Another part of my mind grabbed that thought and started turning it over.

"If I run, then I'll be the only one in trouble, but if I try to be king, the whole kingdom suffers! That's it! I have to leave. It's the only decent thing to do. Thanks, Gleep!"

"Gleep?"

My pet cocked his head in puzzlement.

"I'll explain later. All right. It's decided. You two stock up on food while I duck back to my room to get a few things. Then it's 'Goodbye, Possiltum!' "

I've had pause to wonder what would have happened if I'd followed my original plan: just headed for my room, gathered up my belongings, and left. The timing for the rest of the evening would have changed, and the rest of this story would have been totally different. As it was, I made a slight detour. Halfway to my room, Aahz's training cut in. That is, I started thinking about money.

Even as a hunted fugitive, money would come in handy... and the King's advance would only last so long. With a little extra cash, I could run a lot farther, hide a lot longer ... or at the very least live a lot better. ...

Buoyed by these thoughts, I went looking for J. R. Grimble.

The Chancellor of the Exchequer and I had never been what you would call close friends. Blood enemies would be a better description. Aahz always maintained that this was because of my growing influence in court. Not so. The truth was that my mentor's greed for additional funding was surpassed only by Grimble's reluctance to part with the same. Literally the same, since my wages came out of those coffers so closely guarded by the Chancellor.

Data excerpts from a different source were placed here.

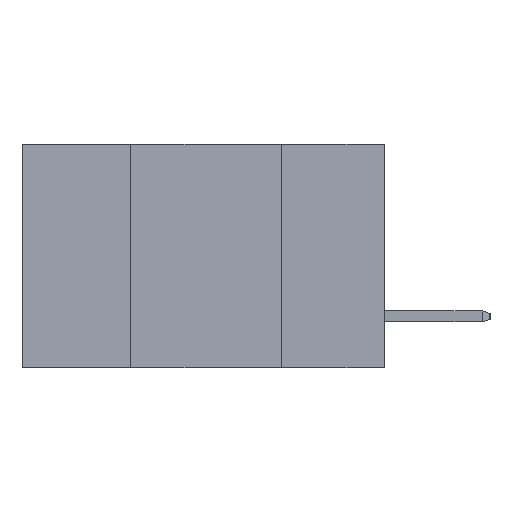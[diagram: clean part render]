
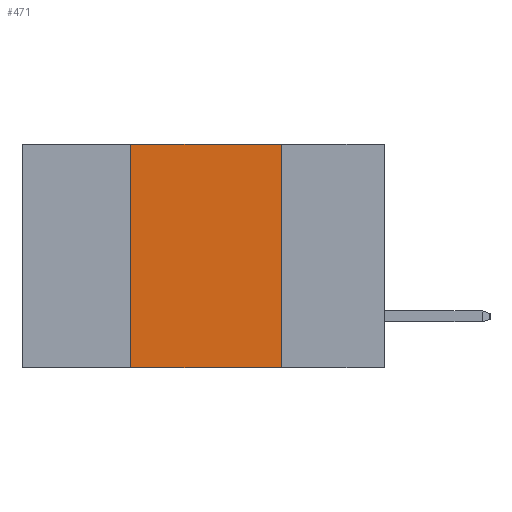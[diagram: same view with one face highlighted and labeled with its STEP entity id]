
A CAD part, left-side view. The second image highlights one B-rep face of the part: STEP entity #471.
In plain terms, the highlighted planar face has unit normal (-1, 0, 0).
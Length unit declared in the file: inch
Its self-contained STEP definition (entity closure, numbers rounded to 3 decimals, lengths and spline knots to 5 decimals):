
#471 = ADVANCED_FACE ( 'NONE', ( #11316 ), #24285, .F. ) ;
#1802 = DIRECTION ( 'NONE',  ( 0., 0., -1. ) ) ;
#3424 = CARTESIAN_POINT ( 'NONE',  ( 0., 0.42, -0.37 ) ) ;
#3860 = CARTESIAN_POINT ( 'NONE',  ( 0., 0.17, 0. ) ) ;
#3966 = DIRECTION ( 'NONE',  ( 0., -1., 0. ) ) ;
#5095 = LINE ( 'NONE', #14805, #22278 ) ;
#5142 = ORIENTED_EDGE ( 'NONE', *, *, #10030, .F. ) ;
#5227 = EDGE_CURVE ( 'NONE', #5744, #25978, #26703, .T. ) ;
#5744 = VERTEX_POINT ( 'NONE', #3860 ) ;
#6261 = CARTESIAN_POINT ( 'NONE',  ( 0., 0.6, 0. ) ) ;
#7250 = ORIENTED_EDGE ( 'NONE', *, *, #17440, .T. ) ;
#9217 = CARTESIAN_POINT ( 'NONE',  ( 0., 0.17, 0. ) ) ;
#10030 = EDGE_CURVE ( 'NONE', #25323, #18070, #23698, .T. ) ;
#10309 = DIRECTION ( 'NONE',  ( 0., -1., 0. ) ) ;
#10807 = CARTESIAN_POINT ( 'NONE',  ( 0., 0.6, 0. ) ) ;
#10934 = EDGE_CURVE ( 'NONE', #18070, #5744, #23215, .T. ) ;
#11316 = FACE_OUTER_BOUND ( 'NONE', #27347, .T. ) ;
#11336 = VECTOR ( 'NONE', #3966, 39.37008 ) ;
#11827 = VECTOR ( 'NONE', #21072, 39.37008 ) ;
#12388 = CARTESIAN_POINT ( 'NONE',  ( 0., 0.17, -0.37 ) ) ;
#13743 = DIRECTION ( 'NONE',  ( 0., 0., -1. ) ) ;
#14102 = DIRECTION ( 'NONE',  ( 1., 0., 0. ) ) ;
#14805 = CARTESIAN_POINT ( 'NONE',  ( 0., 0.6, -0.37 ) ) ;
#16592 = CARTESIAN_POINT ( 'NONE',  ( 0., 0.42, 0. ) ) ;
#17440 = EDGE_CURVE ( 'NONE', #25323, #25978, #5095, .T. ) ;
#18070 = VERTEX_POINT ( 'NONE', #18949 ) ;
#18949 = CARTESIAN_POINT ( 'NONE',  ( 0., 0.42, 0. ) ) ;
#19817 = ORIENTED_EDGE ( 'NONE', *, *, #5227, .F. ) ;
#20820 = VECTOR ( 'NONE', #13743, 39.37008 ) ;
#21072 = DIRECTION ( 'NONE',  ( 0., 0., 1. ) ) ;
#22278 = VECTOR ( 'NONE', #10309, 39.37008 ) ;
#23215 = LINE ( 'NONE', #6261, #11336 ) ;
#23698 = LINE ( 'NONE', #16592, #11827 ) ;
#24048 = ORIENTED_EDGE ( 'NONE', *, *, #10934, .F. ) ;
#24285 = PLANE ( 'NONE',  #27984 ) ;
#25323 = VERTEX_POINT ( 'NONE', #3424 ) ;
#25978 = VERTEX_POINT ( 'NONE', #12388 ) ;
#26703 = LINE ( 'NONE', #9217, #20820 ) ;
#27347 = EDGE_LOOP ( 'NONE', ( #19817, #24048, #5142, #7250 ) ) ;
#27984 = AXIS2_PLACEMENT_3D ( 'NONE', #10807, #14102, #1802 ) ;

I found him, as expected, in the tiny cubicle he used for an office. Scuttlebutt has it he repeatedly refused larger rooms, trying desperately to impress the rest of the staff by setting an example of frugality. It didn't work, but he kept trying and hoping.

His desk was elbow deep in paper covered by tiny little numbers which he alternately peered at and changed while moving various sheets from stack to stack. There were similar stacks on the floor and on the only other available chair, leading me to believe he had been at his current task for some time. Seeing no available space for sitting or standing, I elected to lean against the door frame.

"Working late, Lord Chancellor?"

That earned me a brief, dark glare before he returned to his work.

"If I were a magician, I'd be working late. As Chancellor of the Exchequer, these are my normal hours. For your information, things are going rather smoothly. So smoothly, in fact, I may be able to wrap up early tonight, say in another three or four hours."

"What are you working on?"

"Next year's Budget and Operating Plan, and it's almost done. That is, providing someone doesn't want to risk incurring my permanent disfavor by trying to change a number on me at the last minute."

The last was accompanied by what can only be described as a meaningful stare.

I ignored it.

I mean, what the heck! I was already on his bad side, so his threats didn't scare me at all.

"Then it's a good thing I caught you before you finished your task," I said nonchalantly. "I want to discuss something with you that will undoubtedly have an impact on your figures. Specifically, a change in my pay scale."

"Out of the question!" Grimble exploded. "You're already the highest paid employee on the staff, including myself. It's outrageous that you would even think of asking for a pay increase."

"Not a pay increase. Lord Chancellor, a pay cut."

That stopped him.

"A pay cut?"

"Say, down to nothing."

He leaned back in his chair and regarded me suspiciously.

"I find it hard to believe that you and your apprentice are willing to work for nothing. Forgive me, but I always distrust noble sacrifice as a motive. Though I dislike greed, at least it's a drive I can understand."